## TASK STATEMENT
A line below contains "[HVACTEMPLATE:ZONE:IDEALLOADSAIRSYSTEM]", and a later one contains "[ZONECONTROL:THERMOSTAT]". Repeat both, with every line between them, exactly.

## SOURCE MATERIAL
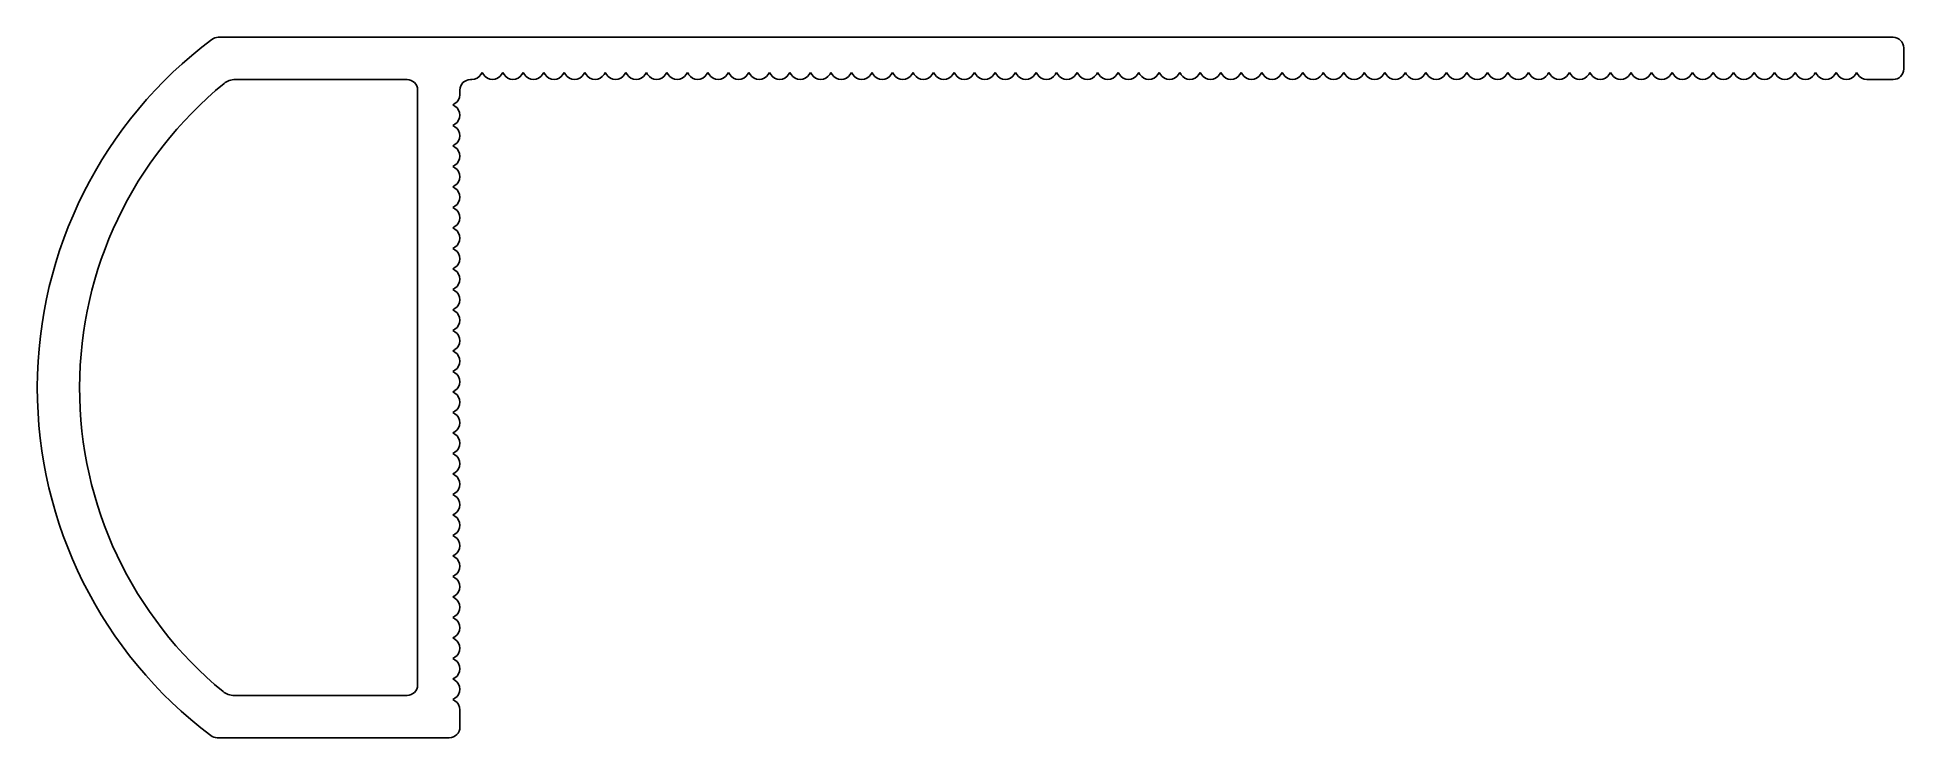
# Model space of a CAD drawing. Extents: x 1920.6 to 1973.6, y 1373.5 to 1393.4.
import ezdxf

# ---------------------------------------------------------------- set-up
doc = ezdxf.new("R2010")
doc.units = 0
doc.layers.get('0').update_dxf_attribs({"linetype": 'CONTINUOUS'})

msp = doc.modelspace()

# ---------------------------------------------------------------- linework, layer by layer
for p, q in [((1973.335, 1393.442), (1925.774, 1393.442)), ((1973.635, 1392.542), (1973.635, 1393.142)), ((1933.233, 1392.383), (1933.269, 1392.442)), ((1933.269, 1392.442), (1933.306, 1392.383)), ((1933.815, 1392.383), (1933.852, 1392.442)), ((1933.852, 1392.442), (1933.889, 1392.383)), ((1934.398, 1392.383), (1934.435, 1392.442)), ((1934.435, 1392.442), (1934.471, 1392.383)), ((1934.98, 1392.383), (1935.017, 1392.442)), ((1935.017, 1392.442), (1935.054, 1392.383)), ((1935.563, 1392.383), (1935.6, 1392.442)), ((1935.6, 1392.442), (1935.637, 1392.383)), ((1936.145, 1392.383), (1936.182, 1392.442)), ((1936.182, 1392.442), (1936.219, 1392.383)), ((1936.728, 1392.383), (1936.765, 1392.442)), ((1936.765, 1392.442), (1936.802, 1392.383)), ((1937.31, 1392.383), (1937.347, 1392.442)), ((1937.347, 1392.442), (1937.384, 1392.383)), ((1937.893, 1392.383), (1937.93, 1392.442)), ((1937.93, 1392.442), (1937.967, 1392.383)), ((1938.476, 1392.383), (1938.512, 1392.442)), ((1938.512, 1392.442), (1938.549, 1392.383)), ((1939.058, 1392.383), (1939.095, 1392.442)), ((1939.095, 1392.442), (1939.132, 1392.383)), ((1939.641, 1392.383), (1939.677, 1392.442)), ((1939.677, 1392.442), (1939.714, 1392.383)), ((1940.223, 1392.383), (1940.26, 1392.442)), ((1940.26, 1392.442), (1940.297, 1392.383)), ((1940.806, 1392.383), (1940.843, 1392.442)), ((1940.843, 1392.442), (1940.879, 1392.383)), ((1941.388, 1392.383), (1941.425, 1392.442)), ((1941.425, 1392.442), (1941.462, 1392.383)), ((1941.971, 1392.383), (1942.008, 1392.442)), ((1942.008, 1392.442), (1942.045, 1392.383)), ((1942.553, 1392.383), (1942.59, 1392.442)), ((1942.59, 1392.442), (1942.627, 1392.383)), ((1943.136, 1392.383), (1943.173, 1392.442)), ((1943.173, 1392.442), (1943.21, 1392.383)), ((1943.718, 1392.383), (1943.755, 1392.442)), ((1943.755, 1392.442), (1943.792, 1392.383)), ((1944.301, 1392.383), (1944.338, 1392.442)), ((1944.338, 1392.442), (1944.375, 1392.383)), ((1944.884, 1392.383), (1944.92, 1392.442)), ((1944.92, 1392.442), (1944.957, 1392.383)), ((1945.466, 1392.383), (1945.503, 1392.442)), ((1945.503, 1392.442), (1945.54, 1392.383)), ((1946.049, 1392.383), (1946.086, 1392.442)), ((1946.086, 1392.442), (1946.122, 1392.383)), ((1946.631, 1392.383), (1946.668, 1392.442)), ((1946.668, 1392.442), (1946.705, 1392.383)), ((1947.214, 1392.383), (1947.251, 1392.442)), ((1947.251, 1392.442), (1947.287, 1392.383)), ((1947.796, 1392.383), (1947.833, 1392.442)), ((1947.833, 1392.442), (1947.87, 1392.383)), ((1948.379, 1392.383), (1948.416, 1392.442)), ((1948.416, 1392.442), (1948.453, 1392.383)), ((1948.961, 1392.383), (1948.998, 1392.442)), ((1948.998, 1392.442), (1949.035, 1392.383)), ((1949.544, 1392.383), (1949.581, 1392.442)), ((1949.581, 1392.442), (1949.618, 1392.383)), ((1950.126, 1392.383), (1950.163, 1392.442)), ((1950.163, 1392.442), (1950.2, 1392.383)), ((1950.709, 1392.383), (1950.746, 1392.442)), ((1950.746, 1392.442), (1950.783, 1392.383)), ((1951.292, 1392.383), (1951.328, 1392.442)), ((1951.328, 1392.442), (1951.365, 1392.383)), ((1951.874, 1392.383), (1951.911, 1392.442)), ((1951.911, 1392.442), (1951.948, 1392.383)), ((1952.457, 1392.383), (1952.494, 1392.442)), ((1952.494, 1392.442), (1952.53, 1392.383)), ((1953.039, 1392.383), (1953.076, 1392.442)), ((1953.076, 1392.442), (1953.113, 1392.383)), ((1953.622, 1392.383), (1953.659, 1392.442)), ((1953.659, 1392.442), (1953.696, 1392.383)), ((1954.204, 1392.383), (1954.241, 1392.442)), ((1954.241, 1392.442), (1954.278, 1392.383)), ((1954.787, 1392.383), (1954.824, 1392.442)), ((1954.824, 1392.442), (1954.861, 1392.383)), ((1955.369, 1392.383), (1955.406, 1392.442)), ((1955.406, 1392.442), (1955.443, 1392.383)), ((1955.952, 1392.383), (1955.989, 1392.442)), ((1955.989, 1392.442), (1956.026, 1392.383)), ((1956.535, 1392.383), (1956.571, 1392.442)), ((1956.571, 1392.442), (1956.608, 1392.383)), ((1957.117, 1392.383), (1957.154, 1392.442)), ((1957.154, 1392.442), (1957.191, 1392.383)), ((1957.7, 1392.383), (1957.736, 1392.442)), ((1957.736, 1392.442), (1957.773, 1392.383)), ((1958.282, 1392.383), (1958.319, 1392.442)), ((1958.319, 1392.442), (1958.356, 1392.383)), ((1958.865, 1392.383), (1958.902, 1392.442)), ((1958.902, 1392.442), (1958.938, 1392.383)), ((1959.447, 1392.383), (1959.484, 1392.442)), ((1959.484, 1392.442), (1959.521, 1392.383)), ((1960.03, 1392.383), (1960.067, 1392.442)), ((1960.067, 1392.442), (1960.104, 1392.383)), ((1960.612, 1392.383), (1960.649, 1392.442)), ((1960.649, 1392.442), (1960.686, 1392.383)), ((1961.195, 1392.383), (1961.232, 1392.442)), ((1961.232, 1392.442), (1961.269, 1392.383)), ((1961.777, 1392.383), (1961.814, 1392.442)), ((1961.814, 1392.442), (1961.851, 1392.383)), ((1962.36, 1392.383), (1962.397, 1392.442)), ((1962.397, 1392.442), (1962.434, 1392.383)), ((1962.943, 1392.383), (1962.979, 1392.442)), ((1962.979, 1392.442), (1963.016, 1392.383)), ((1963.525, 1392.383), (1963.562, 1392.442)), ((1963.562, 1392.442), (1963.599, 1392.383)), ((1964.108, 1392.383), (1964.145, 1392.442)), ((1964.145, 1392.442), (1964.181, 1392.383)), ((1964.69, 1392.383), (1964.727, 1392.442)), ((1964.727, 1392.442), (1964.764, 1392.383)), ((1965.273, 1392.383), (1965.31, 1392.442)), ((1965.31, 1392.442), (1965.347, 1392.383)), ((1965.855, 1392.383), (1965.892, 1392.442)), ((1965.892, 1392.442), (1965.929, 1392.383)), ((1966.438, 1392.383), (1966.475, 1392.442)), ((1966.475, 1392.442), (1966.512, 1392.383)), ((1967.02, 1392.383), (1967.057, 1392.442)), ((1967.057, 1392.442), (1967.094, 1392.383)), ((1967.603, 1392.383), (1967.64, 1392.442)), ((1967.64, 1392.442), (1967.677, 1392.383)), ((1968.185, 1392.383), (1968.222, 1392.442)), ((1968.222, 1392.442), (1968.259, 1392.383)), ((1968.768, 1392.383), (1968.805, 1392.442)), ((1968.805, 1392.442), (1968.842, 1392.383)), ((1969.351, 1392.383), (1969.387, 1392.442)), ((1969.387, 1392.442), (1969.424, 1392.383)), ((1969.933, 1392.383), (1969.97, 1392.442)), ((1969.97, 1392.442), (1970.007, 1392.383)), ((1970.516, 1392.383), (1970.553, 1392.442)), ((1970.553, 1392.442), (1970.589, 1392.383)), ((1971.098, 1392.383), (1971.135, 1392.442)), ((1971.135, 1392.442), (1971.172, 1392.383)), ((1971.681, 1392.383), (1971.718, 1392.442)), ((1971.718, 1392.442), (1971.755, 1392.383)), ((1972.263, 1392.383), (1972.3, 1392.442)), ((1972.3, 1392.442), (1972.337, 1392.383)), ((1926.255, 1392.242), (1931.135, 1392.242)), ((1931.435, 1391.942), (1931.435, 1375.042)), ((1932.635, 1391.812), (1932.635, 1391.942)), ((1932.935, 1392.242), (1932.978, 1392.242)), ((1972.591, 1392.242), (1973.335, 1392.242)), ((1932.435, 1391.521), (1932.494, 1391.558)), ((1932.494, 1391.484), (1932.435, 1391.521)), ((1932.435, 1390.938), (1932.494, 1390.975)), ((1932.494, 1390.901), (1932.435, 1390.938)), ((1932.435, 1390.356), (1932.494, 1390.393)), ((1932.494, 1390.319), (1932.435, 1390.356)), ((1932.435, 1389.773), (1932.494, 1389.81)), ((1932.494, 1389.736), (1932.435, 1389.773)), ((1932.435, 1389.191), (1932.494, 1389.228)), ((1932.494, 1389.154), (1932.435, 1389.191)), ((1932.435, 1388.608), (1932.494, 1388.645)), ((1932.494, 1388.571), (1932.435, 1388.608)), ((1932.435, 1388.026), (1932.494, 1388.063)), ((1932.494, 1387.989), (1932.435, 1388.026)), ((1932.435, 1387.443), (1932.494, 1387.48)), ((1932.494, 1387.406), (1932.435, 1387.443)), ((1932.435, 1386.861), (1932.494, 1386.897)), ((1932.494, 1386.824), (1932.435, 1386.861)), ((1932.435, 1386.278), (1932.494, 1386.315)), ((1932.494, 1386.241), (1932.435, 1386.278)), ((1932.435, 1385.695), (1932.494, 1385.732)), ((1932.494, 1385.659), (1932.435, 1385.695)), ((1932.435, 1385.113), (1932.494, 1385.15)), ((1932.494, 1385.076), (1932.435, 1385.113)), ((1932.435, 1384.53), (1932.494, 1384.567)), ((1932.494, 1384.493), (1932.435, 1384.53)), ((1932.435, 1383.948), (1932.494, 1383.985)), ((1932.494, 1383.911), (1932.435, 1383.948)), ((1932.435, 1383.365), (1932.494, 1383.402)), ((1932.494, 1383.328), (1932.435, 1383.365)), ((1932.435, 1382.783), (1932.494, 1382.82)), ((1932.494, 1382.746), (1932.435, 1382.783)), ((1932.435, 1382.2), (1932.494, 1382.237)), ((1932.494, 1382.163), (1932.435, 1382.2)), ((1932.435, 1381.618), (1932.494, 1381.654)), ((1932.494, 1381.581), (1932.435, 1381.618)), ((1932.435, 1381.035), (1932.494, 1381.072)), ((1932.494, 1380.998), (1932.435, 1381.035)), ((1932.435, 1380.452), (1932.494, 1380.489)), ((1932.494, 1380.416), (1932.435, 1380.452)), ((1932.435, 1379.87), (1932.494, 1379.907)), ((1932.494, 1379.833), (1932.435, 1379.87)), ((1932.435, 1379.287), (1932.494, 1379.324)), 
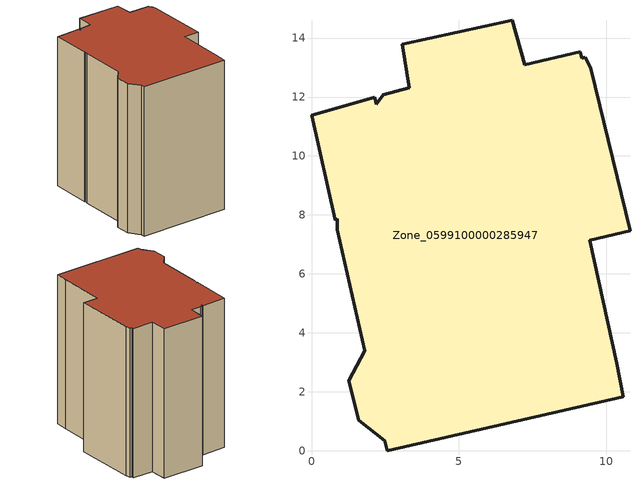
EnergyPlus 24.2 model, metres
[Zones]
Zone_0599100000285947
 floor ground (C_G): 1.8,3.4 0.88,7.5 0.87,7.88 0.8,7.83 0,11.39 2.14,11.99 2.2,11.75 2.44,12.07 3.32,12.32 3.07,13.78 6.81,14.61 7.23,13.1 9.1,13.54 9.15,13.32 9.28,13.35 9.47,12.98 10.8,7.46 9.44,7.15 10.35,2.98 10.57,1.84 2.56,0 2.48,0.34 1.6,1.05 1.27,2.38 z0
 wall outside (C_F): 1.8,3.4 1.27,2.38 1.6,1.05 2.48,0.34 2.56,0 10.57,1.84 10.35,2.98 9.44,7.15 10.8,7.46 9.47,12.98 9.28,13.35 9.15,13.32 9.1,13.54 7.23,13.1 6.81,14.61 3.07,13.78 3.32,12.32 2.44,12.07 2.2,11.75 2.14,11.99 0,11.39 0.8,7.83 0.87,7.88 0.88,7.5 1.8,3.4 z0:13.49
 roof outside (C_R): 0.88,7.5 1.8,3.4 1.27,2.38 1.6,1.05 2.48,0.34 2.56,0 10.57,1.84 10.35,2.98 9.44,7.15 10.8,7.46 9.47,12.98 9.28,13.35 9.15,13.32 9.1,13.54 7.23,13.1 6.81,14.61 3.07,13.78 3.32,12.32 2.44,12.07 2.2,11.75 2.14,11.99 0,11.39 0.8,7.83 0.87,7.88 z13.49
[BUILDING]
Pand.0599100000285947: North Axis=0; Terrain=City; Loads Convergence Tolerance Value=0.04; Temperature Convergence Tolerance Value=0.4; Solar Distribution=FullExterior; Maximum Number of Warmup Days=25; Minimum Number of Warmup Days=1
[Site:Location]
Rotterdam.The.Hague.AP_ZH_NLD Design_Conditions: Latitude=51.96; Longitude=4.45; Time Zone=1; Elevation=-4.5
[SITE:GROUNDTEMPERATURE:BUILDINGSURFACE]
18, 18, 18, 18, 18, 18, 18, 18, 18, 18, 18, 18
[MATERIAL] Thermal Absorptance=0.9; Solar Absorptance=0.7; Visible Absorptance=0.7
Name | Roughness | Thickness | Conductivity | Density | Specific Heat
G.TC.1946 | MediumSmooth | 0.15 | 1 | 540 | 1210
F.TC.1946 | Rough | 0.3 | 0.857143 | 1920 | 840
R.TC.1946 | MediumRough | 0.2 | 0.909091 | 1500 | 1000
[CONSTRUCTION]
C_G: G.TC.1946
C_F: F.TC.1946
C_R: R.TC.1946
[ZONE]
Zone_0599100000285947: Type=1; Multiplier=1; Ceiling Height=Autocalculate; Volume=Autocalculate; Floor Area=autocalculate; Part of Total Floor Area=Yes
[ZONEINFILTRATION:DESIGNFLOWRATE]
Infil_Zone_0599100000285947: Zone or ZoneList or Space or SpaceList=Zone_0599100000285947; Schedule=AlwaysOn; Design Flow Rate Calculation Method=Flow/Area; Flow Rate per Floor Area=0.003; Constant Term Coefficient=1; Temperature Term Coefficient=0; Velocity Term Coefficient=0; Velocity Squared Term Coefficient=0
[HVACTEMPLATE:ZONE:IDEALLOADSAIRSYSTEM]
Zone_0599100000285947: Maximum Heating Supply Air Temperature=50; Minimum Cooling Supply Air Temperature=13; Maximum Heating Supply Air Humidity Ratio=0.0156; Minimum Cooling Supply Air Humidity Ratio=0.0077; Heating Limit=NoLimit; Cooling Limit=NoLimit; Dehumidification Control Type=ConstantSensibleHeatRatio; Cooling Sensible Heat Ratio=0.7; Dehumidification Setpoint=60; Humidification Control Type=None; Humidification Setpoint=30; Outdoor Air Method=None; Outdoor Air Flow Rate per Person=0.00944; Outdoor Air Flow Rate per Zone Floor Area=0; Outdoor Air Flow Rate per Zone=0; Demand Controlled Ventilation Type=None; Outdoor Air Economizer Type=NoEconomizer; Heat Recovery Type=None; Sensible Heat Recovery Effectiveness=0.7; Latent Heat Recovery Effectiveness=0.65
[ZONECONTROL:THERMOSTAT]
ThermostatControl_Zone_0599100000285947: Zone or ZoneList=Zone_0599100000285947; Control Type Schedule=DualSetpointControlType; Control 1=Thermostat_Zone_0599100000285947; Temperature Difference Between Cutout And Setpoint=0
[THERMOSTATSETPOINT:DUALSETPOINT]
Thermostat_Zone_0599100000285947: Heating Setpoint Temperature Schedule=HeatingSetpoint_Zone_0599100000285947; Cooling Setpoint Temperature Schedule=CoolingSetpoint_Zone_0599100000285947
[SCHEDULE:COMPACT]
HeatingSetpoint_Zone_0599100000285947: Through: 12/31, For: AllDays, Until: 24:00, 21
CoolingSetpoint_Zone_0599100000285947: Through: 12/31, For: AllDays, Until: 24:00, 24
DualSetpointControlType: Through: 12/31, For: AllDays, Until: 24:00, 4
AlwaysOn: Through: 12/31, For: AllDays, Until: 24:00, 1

## EXERCISE RESPONSE
[HVACTEMPLATE:ZONE:IDEALLOADSAIRSYSTEM]
Zone_0599100000285947: Maximum Heating Supply Air Temperature=50; Minimum Cooling Supply Air Temperature=13; Maximum Heating Supply Air Humidity Ratio=0.0156; Minimum Cooling Supply Air Humidity Ratio=0.0077; Heating Limit=NoLimit; Cooling Limit=NoLimit; Dehumidification Control Type=ConstantSensibleHeatRatio; Cooling Sensible Heat Ratio=0.7; Dehumidification Setpoint=60; Humidification Control Type=None; Humidification Setpoint=30; Outdoor Air Method=None; Outdoor Air Flow Rate per Person=0.00944; Outdoor Air Flow Rate per Zone Floor Area=0; Outdoor Air Flow Rate per Zone=0; Demand Controlled Ventilation Type=None; Outdoor Air Economizer Type=NoEconomizer; Heat Recovery Type=None; Sensible Heat Recovery Effectiveness=0.7; Latent Heat Recovery Effectiveness=0.65
[ZONECONTROL:THERMOSTAT]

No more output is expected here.